About the same time a new homelessness report, published last week in Parity, warned that homelessness among those aged 55 years and older was rising faster than any other age group cohort.

It said declining home ownership, an ageing population and social housing shortages would help double number of older Australians between 2010 and 2050.

On Census night in 2016 more than 18,000 Australians aged 55 years and older were experiencing homelessness – an increase of more than 30 per cent in the period since 2011.

There had been a 55 per cent surge in older persons’ homelessness in 10 years, the report said.

About 23,500 Australians aged 55 plus sought help from homelessness services last year, and there was a 42 per cent increase in those aged 65 years and older paying unaffordable rents, the report said.

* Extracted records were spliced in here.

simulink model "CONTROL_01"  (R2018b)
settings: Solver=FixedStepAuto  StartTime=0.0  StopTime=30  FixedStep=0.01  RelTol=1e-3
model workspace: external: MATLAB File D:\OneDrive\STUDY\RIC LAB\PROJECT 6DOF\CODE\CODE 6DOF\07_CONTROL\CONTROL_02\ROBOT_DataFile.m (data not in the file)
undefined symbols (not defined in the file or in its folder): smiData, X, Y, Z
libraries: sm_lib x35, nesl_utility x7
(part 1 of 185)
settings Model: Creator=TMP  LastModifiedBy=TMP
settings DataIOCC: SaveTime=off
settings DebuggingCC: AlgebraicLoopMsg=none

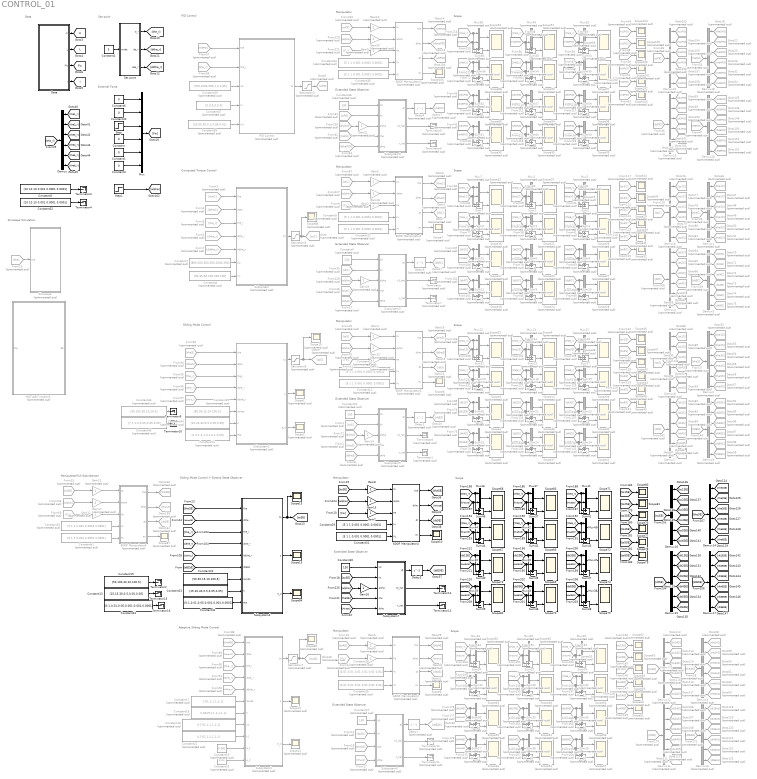
== system CONTROL_01 ==
  note: Extended State Observer
  note: Set point
  note: Simscape Simulation
  note: Data
  note: External Force
  note: Computed Torque Control
  note: Manipulator
  note: Sliding Mode Control
  note: Adaptive Sliding Mode Control
  note: Sliding Mode Control + Extend State Observer
  note: Extended State Observer
  note: Manipulator
  note: Extended State Observer
  note: Manipulator
  note: Extended State Observer
  note: Manipulator
  note: Scope
  note: Scope
  note: Scope
  note: Scope
  note: Extended State Observer
  note: PID Control
  note: Manipulator
  note: Scope
  note: Manipulator(full disturbance)
  6DOF Manipulator1 : Subsystem  Commented=on
  6DOF Manipulator2 : Subsystem  Commented=on
  6DOF Manipulator3 : Subsystem  Commented=on
  6DOF Manipulator4 : Subsystem
  6DOF Manipulator5 : Subsystem  Commented=on
  6DOF Manipulator6 : Subsystem  Commented=on
  Constant{,1,3,6,40} (5 alike) : Constant  Value=0
  Constant{9..12,33..35,41} (8 alike) : Constant  Commented=on  Value=[5 1 1 0.001 0.0001 0.0001]
  Constant13 : Constant  Value=[15,15,30,0.5,0.05,0.05]
  Constant14 : Constant  Commented=on  Value=[1.5,1.2,1,0.1,0.1,0.05]
  Constant15 : Constant  Value=[50,100,30,10,100,5]
  Constant16 : Constant  Commented=on  Value=0.001*[1,1,1,1,1,1]
  Constant17 : Constant  Commented=on  Value=1*[1,1,1,1,1,1]
  Constant18 : Constant  Commented=on  Value=0.1*[1,1,1,1,1,1]
  Constant19 : Constant  Commented=on  Value=0.001
  Constant2 : Constant  Value=3
  Constant20 : Constant  Commented=on  Value=0.01
  Constant21 : Constant  Commented=on  Value=0.1*[1,1,1,1,1,1]
  Constant22 : Constant  Commented=on  Value=130
  Constant23 : Constant  Value=[15,20,30,0.5,0.05,0.05]
  Constant24 : Constant  Value=[50,50,15,10,100,5]
  Constant25 : Constant  Commented=on  Value=[50,50,15,10,100,5]
  Constant26 : Constant  Commented=on  Value=[0.01 0.01 0.01 0.01 0.01 0.01]
  Constant27 : Constant  Commented=on  Value=100
  Constant28 : Constant  Commented=on  Value=[0.01 0.01 0.01 0.01 0.01 0.01]
  Constant29 : Constant  Value=[5 1 1 0.001 0.0001 0.0001]
  Constant30 : Constant  Value=130
  Constant31 : Constant  Value=[5 1 1 0.001 0.0001 0.0001]
  Constant32 : Constant  Value=[10 10 10 0.001 0.0001 0.0001]
  Constant36 : Constant  Commented=on  Value=130
  Constant37 : Constant  Commented=on  Value=[0,0,0,0,0,0]
  Constant38 : Constant  Commented=on  Value=[20,50,30,0.1,0.06,0.01]
  Constant39 : Constant  Commented=on  Value=[700,1200,500,1,2,0.05]
  Constant4 : Constant  Commented=on  Value=130
  Constant42 : Constant  Value=[0.1,0.01,0.05,0.001,0.001,0.0001]
  Constant43 : Constant  Value=[0.1,0.01,0.05,0.001,0.001,0.0001]
  Constant44 : Constant  Commented=on  Value=[15,20,30,0.5,0.05,0.05]
  Constant45 : Constant  Commented=on  Value=[7,7,1.2,0.05,0.05,0.05]
  Constant46 : Constant  Commented=on  Value=[50,100,30,10,10,5]
  Constant5 : Constant  Value=[10 10 10 0.001 0.0001 0.0001]
  Constant7 : Constant  Commented=on  Value=[800,200,500,500,2000,300]
  Constant8 : Constant  Commented=on  Value=[50,35,50,100,200,100]
  Data : MATLAB Function  TreatAsAtomicUnit=on
  Delay{1..2,4..5} (4 alike) : Delay  Commented=on  DelayLength=1
  Delay3 : Delay  DelayLength=1
  Demux{,14..17} (5 alike) : Demux  Outputs=6
  Demux{1..9,11..13,18..21} (16 alike) : Demux  Commented=on  Outputs=6
  From1 : From  Commented=on  GotoTag=toS
  From10 : From  Commented=on  GotoTag=toS
  From100 : From  Commented=on  GotoTag=dt6C
  From101 : From  Commented=on  GotoTag=dt4EC
  From102 : From  Commented=on  GotoTag=dt4C
  From106 : From  Commented=on  GotoTag=dt1EC
  From107 : From  Commented=on  GotoTag=dt1C
  From108 : From  Commented=on  GotoTag=dtC
  From109 : From  Commented=on  GotoTag=dtEC
  From{9,11,14,69,221} (5 alike) : From  Commented=on  GotoTag=Fe
  From110 : From  Commented=on  GotoTag=toC
  From111 : From  Commented=on  GotoTag=to2C
  From112 : From  Commented=on  GotoTag=to3C
  From113 : From  Commented=on  GotoTag=to4C
  From114 : From  Commented=on  GotoTag=to5C
  From115 : From  Commented=on  GotoTag=to6C
  From116 : From  Commented=on  GotoTag=to2S
  From117 : From  Commented=on  GotoTag=to1C
  From118 : From  Commented=on  GotoTag=to3S
  From119 : From  Commented=on  GotoTag=to4S
  From12 : From  Commented=on  GotoTag=toAS
  From120 : From  Commented=on  GotoTag=to5S
  From121 : From  Commented=on  GotoTag=to6S
  From122 : From  Commented=on  GotoTag=to1S
  From123 : From  Commented=on  GotoTag=the2S
  From{30,58,124,152} (4 alike) : From  Commented=on  GotoTag=the2_r
  From125 : From  Commented=on  GotoTag=the3S
  From{32,60,126,154} (4 alike) : From  Commented=on  GotoTag=the3_r
  From127 : From  Commented=on  GotoTag=the5S
  From{39,65,128,156} (4 alike) : From  Commented=on  GotoTag=the5_r
  From129 : From  Commented=on  GotoTag=the6S
  From13 : From  Commented=on  GotoTag=toAS
  From{42,68,130,158} (4 alike) : From  Commented=on  GotoTag=the6_r
  From131 : From  Commented=on  GotoTag=the4S
  From{78,132,160,173} (4 alike) : From  Commented=on  GotoTag=the4_r
  From133 : From  Commented=on  GotoTag=dt2ES
  From134 : From  Commented=on  GotoTag=dt2S
  From135 : From  Commented=on  GotoTag=the1S
  From{82,136,164,216} (4 alike) : From  Commented=on  GotoTag=the1_r
  From137 : From  Commented=on  GotoTag=dt3ES
  From138 : From  Commented=on  GotoTag=dt3S
  From139 : From  Commented=on  GotoTag=dt5ES
  From140 : From  Commented=on  GotoTag=dt5S
  From141 : From  Commented=on  GotoTag=dt6ES
  From142 : From  Commented=on  GotoTag=dtS
  From143 : From  Commented=on  GotoTag=toS
  From144 : From  Commented=on  GotoTag=dtES
  From145 : From  Commented=on  GotoTag=to2AS
  From146 : From  Commented=on  GotoTag=to3AS
  From147 : From  Commented=on  GotoTag=to4AS
  From148 : From  Commented=on  GotoTag=to5AS
  From149 : From  Commented=on  GotoTag=to6AS
  From15 : From  Commented=on  GotoTag=the  TagVisibility=global
  From150 : From  Commented=on  GotoTag=to1AS
  From151 : From  Commented=on  GotoTag=the2AS
  From153 : From  Commented=on  GotoTag=the3AS
  From155 : From  Commented=on  GotoTag=the5AS
  From157 : From  Commented=on  GotoTag=the6AS
  From159 : From  Commented=on  GotoTag=the4AS
  From16 : From  Commented=on  GotoTag=theAS
  From161 : From  Commented=on  GotoTag=dt2EAS
  From162 : From  Commented=on  GotoTag=dt2AS
  From163 : From  Commented=on  GotoTag=the1AS
  From165 : From  Commented=on  GotoTag=dt3EAS
  From166 : From  Commented=on  GotoTag=dt3AS
  From167 : From  Commented=on  GotoTag=dt5EAS
  From168 : From  Commented=on  GotoTag=dt5AS
  From169 : From  Commented=on  GotoTag=dt6EAS
  From17 : From  Commented=on  GotoTag=dtheAS
  From170 : From  Commented=on  GotoTag=dtAS
  From171 : From  Commented=on  GotoTag=toAS
  From172 : From  Commented=on  GotoTag=dtEAS
  From174 : From  Commented=on  GotoTag=dt6AS
  From175 : From  Commented=on  GotoTag=dt4EAS
  From176 : From  Commented=on  GotoTag=dt4AS
  From177 : From  Commented=on  GotoTag=dt1EAS
  From178 : From  Commented=on  GotoTag=dt1AS
  From2 : From  Commented=on  GotoTag=theS
  From213 : From  Commented=on  GotoTag=dt2EPID
  From214 : From  Commented=on  GotoTag=dt2PID
  From215 : From  Commented=on  GotoTag=the1PID
  From217 : From  Commented=on  GotoTag=dt3EPID
  From218 : From  Commented=on  GotoTag=dt3PID
  From219 : From  Commented=on  GotoTag=dt5EPID
  From220 : From  Commented=on  GotoTag=toPID  TagVisibility=global
  From222 : From  Commented=on  GotoTag=dt5PID
  From223 : From  Commented=on  GotoTag=dt6EPID
  From{70..71,226..230} (7 alike) : From  Commented=on  GotoTag=alpha
  From26 : From  Commented=on  GotoTag=theC
  From27 : From  Commented=on  GotoTag=theS
  From28 : From  Commented=on  GotoTag=theAS
  From29 : From  Commented=on  GotoTag=the2C
  From3 : From  Commented=on  GotoTag=theC
  From31 : From  Commented=on  GotoTag=the3C
  From33 : From  Commented=on  GotoTag=toSE
  From34 : From  Commented=on  GotoTag=dt6PID
  From35 : From  Commented=on  GotoTag=toC
  From36 : From  Commented=on  GotoTag=theC
  From37 : From  Commented=on  GotoTag=dtheC
  From38 : From  Commented=on  GotoTag=the5C
  From4 : From  Commented=on  GotoTag=dtheC
  From40 : From  Commented=on  GotoTag=dt4EPID
  From41 : From  Commented=on  GotoTag=the6C
  From43 : From  Commented=on  GotoTag=dt4PID
  From44 : From  Commented=on  GotoTag=dt1EPID
  From45 : From  Commented=on  GotoTag=dt1PID
  From46 : From  Commented=on  GotoTag=dtPID
  From47 : From  Commented=on  GotoTag=dtEPID
  From48 : From  Commented=on  GotoTag=toPID  TagVisibility=global
  From49 : From  Commented=on  GotoTag=to2PID
  From{5,66,90,95} (4 alike) : From  Commented=on  GotoTag=the_r
  From50 : From  Commented=on  GotoTag=to3PID
  From51 : From  Commented=on  GotoTag=to4PID
  From52 : From  Commented=on  GotoTag=to5PID
  From53 : From  Commented=on  GotoTag=to6PID
  From54 : From  Commented=on  GotoTag=to1PID
  From55 : From  Commented=on  GotoTag=thePID
  From56 : From  Commented=on  GotoTag=the2PID
  From57 : From  Commented=on  GotoTag=thePID
  From59 : From  Commented=on  GotoTag=the3PID
  From6 : From  Commented=on  GotoTag=dthe_r
  From61 : From  Commented=on  GotoTag=toPID  TagVisibility=global
  From62 : From  Commented=on  GotoTag=thePID
  From63 : From  Commented=on  GotoTag=dthePID
  From64 : From  Commented=on  GotoTag=the5PID
  From67 : From  Commented=on  GotoTag=the6PID
  From7 : From  Commented=on  GotoTag=ddthe_r
  From72 : From  Commented=on  GotoTag=the4PID
  From73 : From  Commented=on  GotoTag=dt6S
  From74 : From  Commented=on  GotoTag=dt4ES
  From75 : From  Commented=on  GotoTag=dt4S
  From76 : From  Commented=on  GotoTag=dt1ES
  From77 : From  Commented=on  GotoTag=the4C
  From79 : From  Commented=on  GotoTag=dt2EC
  From8 : From  Commented=on  GotoTag=dtheS
  From80 : From  Commented=on  GotoTag=dt2C
  From81 : From  Commented=on  GotoTag=the1C
  From83 : From  Commented=on  GotoTag=dt3EC
  From84 : From  Commented=on  GotoTag=dt3C
  From85 : From  Commented=on  GotoTag=dt1S
  From86 : From  Commented=on  GotoTag=dt5EC
  From87 : From  Commented=on  GotoTag=toC
  From88 : From  Commented=on  GotoTag=theAS
  From89 : From  Commented=on  GotoTag=dtheAS
  From91 : From  Commented=on  GotoTag=dthe_r
  From92 : From  Commented=on  GotoTag=ddthe_r
  From93 : From  Commented=on  GotoTag=theS
  From94 : From  Commented=on  GotoTag=dtheS
  From96 : From  Commented=on  GotoTag=dthe_r
  From97 : From  Commented=on  GotoTag=ddthe_r
  From98 : From  Commented=on  GotoTag=dt5C
  From99 : From  Commented=on  GotoTag=dt6EC
  Gain{1..6,9..14,17..21} (17 alike) : Gain  Commented=on
  Gain{7..8,15..16} (4 alike) : Gain
  Goto : Goto  Commented=on  GotoTag=toC
  Goto1 : Goto  Commented=on  GotoTag=dtheC
  Goto100 : Goto  Commented=on  GotoTag=dt3PID
  Goto101 : Goto  Commented=on  GotoTag=dt4PID
  Goto102 : Goto  Commented=on  GotoTag=dt5PID
  Goto103 : Goto  Commented=on  GotoTag=dt6PID
  Goto104 : Goto  Commented=on  GotoTag=dtPID
  Goto105 : Goto  Commented=on  GotoTag=dt1EPID
  Goto106 : Goto  Commented=on  GotoTag=dt1AS
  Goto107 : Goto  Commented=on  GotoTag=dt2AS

Launching the report, federal Labor spokesperson for homelessness Doug Cameron said the statistics marked “a genuinely alarming trend”.

“Not only are we facing a problem that is growing – but one that is showing signs of accelerating in severity,” he said in a speech.

“This has been confirmed for me with front line services reporting to the Australian Institute of Health and Welfare that in the time since the Census they are witnessing rising numbers of older people seeking assistance.

“Perhaps most troubling of all, almost two in three older clients were presently housed, but at risk of homelessness.”